Problem statement
Working from the top of the listing below, retype each line through the line containing "0) x (0, 0, -1)", both included, with no pictures.

- - - -

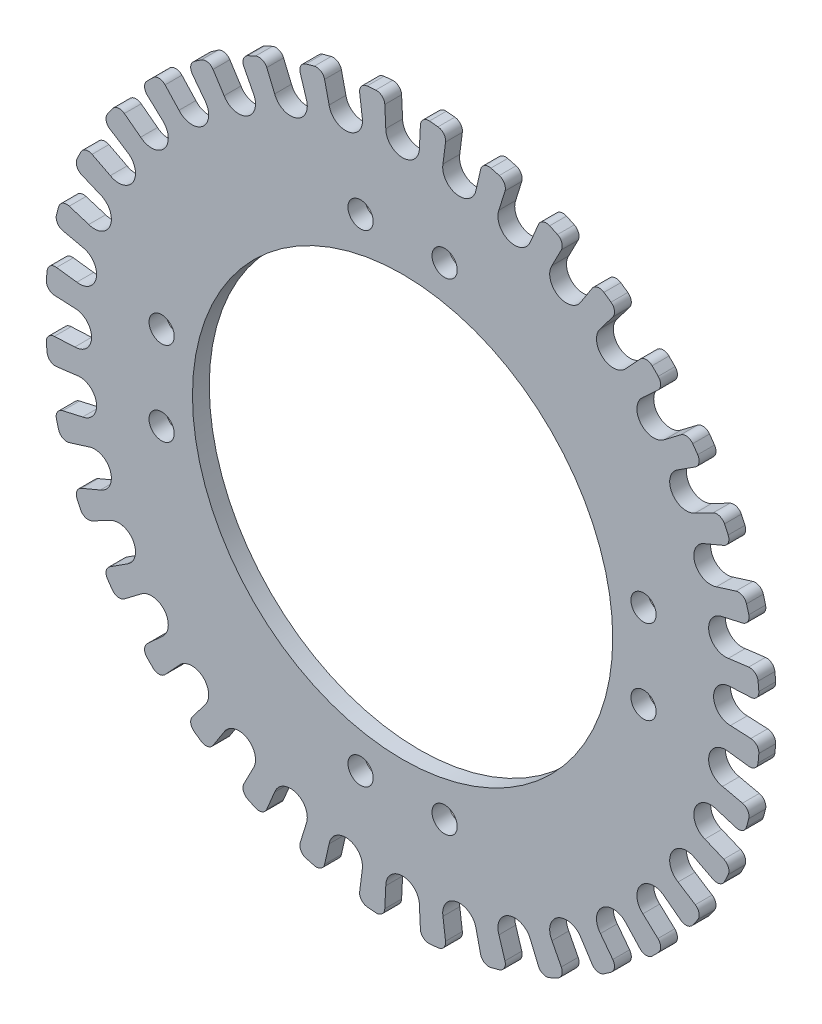
SolidWorks part; units mm, degrees
ref_plane "Front Plane" through (0, 0, 0) normal (0, 0, 1) x (1, 0, 0)
ref_plane "Top Plane" through (0, 0, 0) normal (0, 1, 0) x (1, 0, 0)
ref_plane "Right Plane" through (0, 0, 0) normal (1, 0, 0) x (0, 0, -1)
sketch "Sketch1" plane through (0, 0, 0) normal (0, 0, 1) x (1, 0, 0)
  line L0 (5.1087, 41.1696) -> (4.8027, 38.7548)
  line L1 (2, 39) -> (2.118, 41.4313)
  line L2 (-2.118, 41.4313) -> (-2, 39)
  line L3 (-4.8027, 38.7548) -> (-5.1087, 41.1696)
  line L4 (-9.2803, 40.434) -> (-8.7419, 38.0602)
  line L5 (-11.4594, 37.3321) -> (-12.1801, 39.657)
  line L6 (-16.1606, 38.2083) -> (-15.2182, 35.964)
  line L7 (-17.7679, 34.775) -> (-18.8814, 36.9395)
  line L8 (-22.5499, 34.8215) -> (-21.2321, 32.775)
  line L9 (-23.5366, 31.1613) -> (-25.009, 33.0996)
  line L10 (-28.254, 30.3768) -> (-26.6008, 28.5902)
  line L11 (-28.5902, 26.6008) -> (-30.3768, 28.254)
  line L12 (-33.0996, 25.009) -> (-31.1613, 23.5366)
  line L13 (-32.775, 21.2321) -> (-34.8215, 22.5499)
  line L14 (-36.9395, 18.8814) -> (-34.775, 17.7679)
  line L15 (-35.964, 15.2182) -> (-38.2083, 16.1606)
  line L16 (-39.657, 12.1801) -> (-37.3321, 11.4594)
  line L17 (-38.0602, 8.7419) -> (-40.434, 9.2803)
  line L18 (-41.1696, 5.1087) -> (-38.7548, 4.8027)
  line L19 (-39, 2) -> (-41.4313, 2.118)
  line L20 (-41.4313, -2.118) -> (-39, -2)
  line L21 (-38.7548, -4.8027) -> (-41.1696, -5.1087)
  line L22 (-40.434, -9.2803) -> (-38.0602, -8.7419)
  line L23 (-37.3321, -11.4594) -> (-39.657, -12.1801)
  line L24 (-38.2083, -16.1606) -> (-35.964, -15.2182)
  line L25 (-34.775, -17.7679) -> (-36.9395, -18.8814)
  line L26 (-34.8215, -22.5499) -> (-32.775, -21.2321)
  line L27 (-31.1613, -23.5366) -> (-33.0996, -25.009)
  line L28 (-30.3768, -28.254) -> (-28.5902, -26.6008)
  line L29 (-26.6008, -28.5902) -> (-28.254, -30.3768)
  line L30 (-25.009, -33.0996) -> (-23.5366, -31.1613)
  line L31 (-21.2321, -32.775) -> (-22.5499, -34.8215)
  line L32 (-18.8814, -36.9395) -> (-17.7679, -34.775)
  line L33 (-15.2182, -35.964) -> (-16.1606, -38.2083)
  line L34 (-12.1801, -39.657) -> (-11.4594, -37.3321)
  line L35 (-8.7419, -38.0602) -> (-9.2803, -40.434)
  line L36 (-5.1087, -41.1696) -> (-4.8027, -38.7548)
  line L37 (-2, -39) -> (-2.118, -41.4313)
  line L38 (2.118, -41.4313) -> (2, -39)
  line L39 (4.8027, -38.7548) -> (5.1087, -41.1696)
  line L40 (9.2803, -40.434) -> (8.7419, -38.0602)
  line L41 (11.4594, -37.3321) -> (12.1801, -39.657)
  line L42 (16.1606, -38.2083) -> (15.2182, -35.964)
  line L43 (17.7679, -34.775) -> (18.8814, -36.9395)
  line L44 (22.5499, -34.8215) -> (21.2321, -32.775)
  line L45 (23.5366, -31.1613) -> (25.009, -33.0996)
  line L46 (28.254, -30.3768) -> (26.6008, -28.5902)
  line L47 (28.5902, -26.6008) -> (30.3768, -28.254)
  line L48 (33.0996, -25.009) -> (31.1613, -23.5366)
  line L49 (32.775, -21.2321) -> (34.8215, -22.5499)
  line L50 (36.9395, -18.8814) -> (34.775, -17.7679)
  line L51 (35.964, -15.2182) -> (38.2083, -16.1606)
  line L52 (39.657, -12.1801) -> (37.3321, -11.4594)
  line L53 (38.0602, -8.7419) -> (40.434, -9.2803)
  line L54 (41.1696, -5.1087) -> (38.7548, -4.8027)
  line L55 (39, -2) -> (41.4313, -2.118)
  line L56 (41.4313, 2.118) -> (39, 2)
  line L57 (38.7548, 4.8027) -> (41.1696, 5.1087)
  line L58 (40.434, 9.2803) -> (38.0602, 8.7419)
  line L59 (37.3321, 11.4594) -> (39.657, 12.1801)
  line L60 (38.2083, 16.1606) -> (35.964, 15.2182)
  line L61 (34.775, 17.7679) -> (36.9395, 18.8814)
  line L62 (34.8215, 22.5499) -> (32.775, 21.2321)
  line L63 (31.1613, 23.5366) -> (33.0996, 25.009)
  line L64 (30.3768, 28.254) -> (28.5902, 26.6008)
  line L65 (26.6008, 28.5902) -> (28.254, 30.3768)
  line L66 (25.009, 33.0996) -> (23.5366, 31.1613)
  line L67 (21.2321, 32.775) -> (22.5499, 34.8215)
  line L68 (18.8814, 36.9395) -> (17.7679, 34.775)
  line L69 (15.2182, 35.964) -> (16.1606, 38.2083)
  line L70 (12.1801, 39.657) -> (11.4594, 37.3321)
  line L71 (8.7419, 38.0602) -> (9.2803, 40.434)
  arc A0 (5.1087, 41.1696) -> (4.2158, 42.2904) centre (4.1166, 41.2953) ccw
  arc A1 (4.2158, 42.2904) -> (3.1919, 42.38) centre (0, 0) ccw
  arc A2 (3.1919, 42.38) -> (2.118, 41.4313) centre (3.1168, 41.3828) ccw
  arc A3 (-2, 39) -> (2, 39) centre (0, 39) ccw
  arc A4 (-2.118, 41.4313) -> (-3.1919, 42.38) centre (-3.1168, 41.3828) ccw
  arc A5 (-3.1919, 42.38) -> (-4.2158, 42.2904) centre (0, 0) ccw
  arc A6 (-4.2158, 42.2904) -> (-5.1087, 41.1696) centre (-4.1166, 41.2953) ccw
  arc A7 (-8.7419, 38.0602) -> (-4.8027, 38.7548) centre (-6.7723, 38.4075) ccw
  arc A8 (-9.2803, 40.434) -> (-10.5026, 41.1819) centre (-10.2555, 40.2129) ccw
  arc A9 (-10.5026, 41.1819) -> (-11.4954, 40.9158) centre (0, 0) ccw
  arc A10 (-11.4954, 40.9158) -> (-12.1801, 39.657) centre (-11.2249, 39.9531) ccw
  arc A11 (-15.2182, 35.964) -> (-11.4594, 37.3321) centre (-13.3388, 36.648) ccw
  arc A12 (-16.1606, 38.2083) -> (-17.4942, 38.7324) centre (-17.0826, 37.8211) ccw
  arc A13 (-17.4942, 38.7324) -> (-18.4257, 38.2981) centre (0, 0) ccw
  arc A14 (-18.4257, 38.2981) -> (-18.8814, 36.9395) centre (-17.9922, 37.397) ccw
  arc A15 (-21.2321, 32.775) -> (-17.7679, 34.775) centre (-19.5, 33.775) ccw
  arc A16 (-22.5499, 34.8215) -> (-23.9543, 35.1062) centre (-23.3906, 34.2801) ccw
  arc A17 (-23.9543, 35.1062) -> (-24.7962, 34.5167) centre (0, 0) ccw
  arc A18 (-24.7962, 34.5167) -> (-25.009, 33.0996) centre (-24.2127, 33.7045) ccw
  arc A19 (-26.6008, 28.5902) -> (-23.5366, 31.1613) centre (-25.0687, 29.8757) ccw
  arc A20 (-28.254, 30.3768) -> (-29.6865, 30.4132) centre (-28.988, 29.6976) ccw
  arc A21 (-29.6865, 30.4132) -> (-30.4132, 29.6865) centre (0, 0) ccw
  arc A22 (-30.4132, 29.6865) -> (-30.3768, 28.254) centre (-29.6976, 28.988) ccw
  arc A23 (-31.1613, 23.5366) -> (-28.5902, 26.6008) centre (-29.8757, 25.0687) ccw
  arc A24 (-33.0996, 25.009) -> (-34.5167, 24.7962) centre (-33.7045, 24.2127) ccw
  arc A25 (-34.5167, 24.7962) -> (-35.1062, 23.9543) centre (0, 0) ccw
  arc A26 (-35.1062, 23.9543) -> (-34.8215, 22.5499) centre (-34.2801, 23.3906) ccw
  arc A27 (-34.775, 17.7679) -> (-32.775, 21.2321) centre (-33.775, 19.5) ccw
  arc A28 (-36.9395, 18.8814) -> (-38.2981, 18.4257) centre (-37.397, 17.9922) ccw
  arc A29 (-38.2981, 18.4257) -> (-38.7324, 17.4942) centre (0, 0) ccw
  arc A30 (-38.7324, 17.4942) -> (-38.2083, 16.1606) centre (-37.8211, 17.0826) ccw
  arc A31 (-37.3321, 11.4594) -> (-35.964, 15.2182) centre (-36.648, 13.3388) ccw
  arc A32 (-39.657, 12.1801) -> (-40.9158, 11.4954) centre (-39.9531, 11.2249) ccw
  arc A33 (-40.9158, 11.4954) -> (-41.1819, 10.5026) centre (0, 0) ccw
  arc A34 (-41.1819, 10.5026) -> (-40.434, 9.2803) centre (-40.2129, 10.2555) ccw
  arc A35 (-38.7548, 4.8027) -> (-38.0602, 8.7419) centre (-38.4075, 6.7723) ccw
  arc A36 (-41.1696, 5.1087) -> (-42.2904, 4.2158) centre (-41.2953, 4.1166) ccw
  arc A37 (-42.2904, 4.2158) -> (-42.38, 3.1919) centre (0, 0) ccw
  arc A38 (-42.38, 3.1919) -> (-41.4313, 2.118) centre (-41.3828, 3.1168) ccw
  arc A39 (-39, -2) -> (-39, 2) centre (-39, 0) ccw
  arc A40 (-41.4313, -2.118) -> (-42.38, -3.1919) centre (-41.3828, -3.1168) ccw
  arc A41 (-42.38, -3.1919) -> (-42.2904, -4.2158) centre (0, 0) ccw
  arc A42 (-42.2904, -4.2158) -> (-41.1696, -5.1087) centre (-41.2953, -4.1166) ccw
  arc A43 (-38.0602, -8.7419) -> (-38.7548, -4.8027) centre (-38.4075, -6.7723) ccw
  arc A44 (-40.434, -9.2803) -> (-41.1819, -10.5026) centre (-40.2129, -10.2555) ccw
  arc A45 (-41.1819, -10.5026) -> (-40.9158, -11.4954) centre (0, 0) ccw
  arc A46 (-40.9158, -11.4954) -> (-39.657, -12.1801) centre (-39.9531, -11.2249) ccw
  arc A47 (-35.964, -15.2182) -> (-37.3321, -11.4594) centre (-36.648, -13.3388) ccw
  arc A48 (-38.2083, -16.1606) -> (-38.7324, -17.4942) centre (-37.8211, -17.0826) ccw
  arc A49 (-38.7324, -17.4942) -> (-38.2981, -18.4257) centre (0, 0) ccw
  arc A50 (-38.2981, -18.4257) -> (-36.9395, -18.8814) centre (-37.397, -17.9922) ccw
  arc A51 (-32.775, -21.2321) -> (-34.775, -17.7679) centre (-33.775, -19.5) ccw
  arc A52 (-34.8215, -22.5499) -> (-35.1062, -23.9543) centre (-34.2801, -23.3906) ccw
  arc A53 (-35.1062, -23.9543) -> (-34.5167, -24.7962) centre (0, 0) ccw
  arc A54 (-34.5167, -24.7962) -> (-33.0996, -25.009) centre (-33.7045, -24.2127) ccw
  arc A55 (-28.5902, -26.6008) -> (-31.1613, -23.5366) centre (-29.8757, -25.0687) ccw
  arc A56 (-30.3768, -28.254) -> (-30.4132, -29.6865) centre (-29.6976, -28.988) ccw
  arc A57 (-30.4132, -29.6865) -> (-29.6865, -30.4132) centre (0, 0) ccw
  arc A58 (-29.6865, -30.4132) -> (-28.254, -30.3768) centre (-28.988, -29.6976) ccw
  arc A59 (-23.5366, -31.1613) -> (-26.6008, -28.5902) centre (-25.0687, -29.8757) ccw
  arc A60 (-25.009, -33.0996) -> (-24.7962, -34.5167) centre (-24.2127, -33.7045) ccw
  arc A61 (-24.7962, -34.5167) -> (-23.9543, -35.1062) centre (0, 0) ccw
  arc A62 (-23.9543, -35.1062) -> (-22.5499, -34.8215) centre (-23.3906, -34.2801) ccw
  arc A63 (-17.7679, -34.775) -> (-21.2321, -32.775) centre (-19.5, -33.775) ccw
  arc A64 (-18.8814, -36.9395) -> (-18.4257, -38.2981) centre (-17.9922, -37.397) ccw
  arc A65 (-18.4257, -38.2981) -> (-17.4942, -38.7324) centre (0, 0) ccw
  arc A66 (-17.4942, -38.7324) -> (-16.1606, -38.2083) centre (-17.0826, -37.8211) ccw
  arc A67 (-11.4594, -37.3321) -> (-15.2182, -35.964) centre (-13.3388, -36.648) ccw
  arc A68 (-12.1801, -39.657) -> (-11.4954, -40.9158) centre (-11.2249, -39.9531) ccw
  arc A69 (-11.4954, -40.9158) -> (-10.5026, -41.1819) centre (0, 0) ccw
  arc A70 (-10.5026, -41.1819) -> (-9.2803, -40.434) centre (-10.2555, -40.2129) ccw
  arc A71 (-4.8027, -38.7548) -> (-8.7419, -38.0602) centre (-6.7723, -38.4075) ccw
  arc A72 (-5.1087, -41.1696) -> (-4.2158, -42.2904) centre (-4.1166, -41.2953) ccw
  arc A73 (-4.2158, -42.2904) -> (-3.1919, -42.38) centre (0, 0) ccw
  arc A74 (-3.1919, -42.38) -> (-2.118, -41.4313) centre (-3.1168, -41.3828) ccw
  arc A75 (2, -39) -> (-2, -39) centre (0, -39) ccw
  arc A76 (2.118, -41.4313) -> (3.1919, -42.38) centre (3.1168, -41.3828) ccw
  arc A77 (3.1919, -42.38) -> (4.2158, -42.2904) centre (0, 0) ccw
  arc A78 (4.2158, -42.2904) -> (5.1087, -41.1696) centre (4.1166, -41.2953) ccw
  arc A79 (8.7419, -38.0602) -> (4.8027, -38.7548) centre (6.7723, -38.4075) ccw
  arc A80 (9.2803, -40.434) -> (10.5026, -41.1819) centre (10.2555, -40.2129) ccw
  arc A81 (10.5026, -41.1819) -> (11.4954, -40.9158) centre (0, 0) ccw
  arc A82 (11.4954, -40.9158) -> (12.1801, -39.657) centre (11.2249, -39.9531) ccw
  arc A83 (15.2182, -35.964) -> (11.4594, -37.3321) centre (13.3388, -36.648) ccw
  arc A84 (16.1606, -38.2083) -> (17.4942, -38.7324) centre (17.0826, -37.8211) ccw
  arc A85 (17.4942, -38.7324) -> (18.4257, -38.2981) centre (0, 0) ccw
  arc A86 (18.4257, -38.2981) -> (18.8814, -36.9395) centre (17.9922, -37.397) ccw
  arc A87 (21.2321, -32.775) -> (17.7679, -34.775) centre (19.5, -33.775) ccw
  arc A88 (22.5499, -34.8215) -> (23.9543, -35.1062) centre (23.3906, -34.2801) ccw
  arc A89 (23.9543, -35.1062) -> (24.7962, -34.5167) centre (0, 0) ccw
  arc A90 (24.7962, -34.5167) -> (25.009, -33.0996) centre (24.2127, -33.7045) ccw
  arc A91 (26.6008, -28.5902) -> (23.5366, -31.1613) centre (25.0687, -29.8757) ccw
  arc A92 (28.254, -30.3768) -> (29.6865, -30.4132) centre (28.988, -29.6976) ccw
  arc A93 (29.6865, -30.4132) -> (30.4132, -29.6865) centre (0, 0) ccw
  arc A94 (30.4132, -29.6865) -> (30.3768, -28.254) centre (29.6976, -28.988) ccw
  arc A95 (31.1613, -23.5366) -> (28.5902, -26.6008) centre (29.8757, -25.0687) ccw
  arc A96 (33.0996, -25.009) -> (34.5167, -24.7962) centre (33.7045, -24.2127) ccw
  arc A97 (34.5167, -24.7962) -> (35.1062, -23.9543) centre (0, 0) ccw
  arc A98 (35.1062, -23.9543) -> (34.8215, -22.5499) centre (34.2801, -23.3906) ccw
  arc A99 (34.775, -17.7679) -> (32.775, -21.2321) centre (33.775, -19.5) ccw
  arc A100 (36.9395, -18.8814) -> (38.2981, -18.4257) centre (37.397, -17.9922) ccw
  arc A101 (38.2981, -18.4257) -> (38.7324, -17.4942) centre (0, 0) ccw
  arc A102 (38.7324, -17.4942) -> (38.2083, -16.1606) centre (37.8211, -17.0826) ccw
  arc A103 (37.3321, -11.4594) -> (35.964, -15.2182) centre (36.648, -13.3388) ccw
  arc A104 (39.657, -12.1801) -> (40.9158, -11.4954) centre (39.9531, -11.2249) ccw
  arc A105 (40.9158, -11.4954) -> (41.1819, -10.5026) centre (0, 0) ccw
  arc A106 (41.1819, -10.5026) -> (40.434, -9.2803) centre (40.2129, -10.2555) ccw
  arc A107 (38.7548, -4.8027) -> (38.0602, -8.7419) centre (38.4075, -6.7723) ccw
  arc A108 (41.1696, -5.1087) -> (42.2904, -4.2158) centre (41.2953, -4.1166) ccw
  arc A109 (42.2904, -4.2158) -> (42.38, -3.1919) centre (0, 0) ccw
  arc A110 (42.38, -3.1919) -> (41.4313, -2.118) centre (41.3828, -3.1168) ccw
  arc A111 (39, 2) -> (39, -2) centre (39, 0) ccw
  arc A112 (41.4313, 2.118) -> (42.38, 3.1919) centre (41.3828, 3.1168) ccw
  arc A113 (42.38, 3.1919) -> (42.2904, 4.2158) centre (0, 0) ccw
  arc A114 (42.2904, 4.2158) -> (41.1696, 5.1087) centre (41.2953, 4.1166) ccw
  arc A115 (38.0602, 8.7419) -> (38.7548, 4.8027) centre (38.4075, 6.7723) ccw
  arc A116 (40.434, 9.2803) -> (41.1819, 10.5026) centre (40.2129, 10.2555) ccw
  arc A117 (41.1819, 10.5026) -> (40.9158, 11.4954) centre (0, 0) ccw
  arc A118 (40.9158, 11.4954) -> (39.657, 12.1801) centre (39.9531, 11.2249) ccw
  arc A119 (35.964, 15.2182) -> (37.3321, 11.4594) centre (36.648, 13.3388) ccw
  arc A120 (38.2083, 16.1606) -> (38.7324, 17.4942) centre (37.8211, 17.0826) ccw
  arc A121 (38.7324, 17.4942) -> (38.2981, 18.4257) centre (0, 0) ccw
  arc A122 (38.2981, 18.4257) -> (36.9395, 18.8814) centre (37.397, 17.9922) ccw
  arc A123 (32.775, 21.2321) -> (34.775, 17.7679) centre (33.775, 19.5) ccw
  arc A124 (34.8215, 22.5499) -> (35.1062, 23.9543) centre (34.2801, 23.3906) ccw
  arc A125 (35.1062, 23.9543) -> (34.5167, 24.7962) centre (0, 0) ccw
  arc A126 (34.5167, 24.7962) -> (33.0996, 25.009) centre (33.7045, 24.2127) ccw
  arc A127 (28.5902, 26.6008) -> (31.1613, 23.5366) centre (29.8757, 25.0687) ccw
  arc A128 (30.3768, 28.254) -> (30.4132, 29.6865) centre (29.6976, 28.988) ccw
  arc A129 (30.4132, 29.6865) -> (29.6865, 30.4132) centre (0, 0) ccw
  arc A130 (29.6865, 30.4132) -> (28.254, 30.3768) centre (28.988, 29.6976) ccw
  arc A131 (23.5366, 31.1613) -> (26.6008, 28.5902) centre (25.0687, 29.8757) ccw
  arc A132 (25.009, 33.0996) -> (24.7962, 34.5167) centre (24.2127, 33.7045) ccw
  arc A133 (24.7962, 34.5167) -> (23.9543, 35.1062) centre (0, 0) ccw
  arc A134 (23.9543, 35.1062) -> (22.5499, 34.8215) centre (23.3906, 34.2801) ccw
  arc A135 (17.7679, 34.775) -> (21.2321, 32.775) centre (19.5, 33.775) ccw
  arc A136 (18.8814, 36.9395) -> (18.4257, 38.2981) centre (17.9922, 37.397) ccw
  arc A137 (18.4257, 38.2981) -> (17.4942, 38.7324) centre (0, 0) ccw
  arc A138 (17.4942, 38.7324) -> (16.1606, 38.2083) centre (17.0826, 37.8211) ccw
  arc A139 (11.4594, 37.3321) -> (15.2182, 35.964) centre (13.3388, 36.648) ccw
  arc A140 (12.1801, 39.657) -> (11.4954, 40.9158) centre (11.2249, 39.9531) ccw
  arc A141 (11.4954, 40.9158) -> (10.5026, 41.1819) centre (0, 0) ccw
  arc A142 (10.5026, 41.1819) -> (9.2803, 40.434) centre (10.2555, 40.2129) ccw
  arc A143 (4.8027, 38.7548) -> (8.7419, 38.0602) centre (6.7723, 38.4075) ccw
  circle A144 centre (-28.6654, -5) radius 1.5
  circle A145 centre (5, -28.6654) radius 1.5
  circle A146 centre (28.6654, 5) radius 1.5
  circle A147 centre (-5, 28.6654) radius 1.5
  circle A148 centre (0, 0) radius 25
  circle A149 centre (5, 28.6654) radius 1.5
  circle A150 centre (28.6654, -5) radius 1.5
  circle A151 centre (-5, -28.6654) radius 1.5
  circle A152 centre (-28.6654, 5) radius 1.5
extrude "Boss-Extrude1" add sketch "Sketch1" along normal blind 2

- - - -

Output
SolidWorks part; units mm, degrees
ref_plane "Front Plane" through (0, 0, 0) normal (0, 0, 1) x (1, 0, 0)
ref_plane "Top Plane" through (0, 0, 0) normal (0, 1, 0) x (1, 0, 0)
ref_plane "Right Plane" through (0, 0, 0) normal (1, 0, 0) x (0, 0, -1)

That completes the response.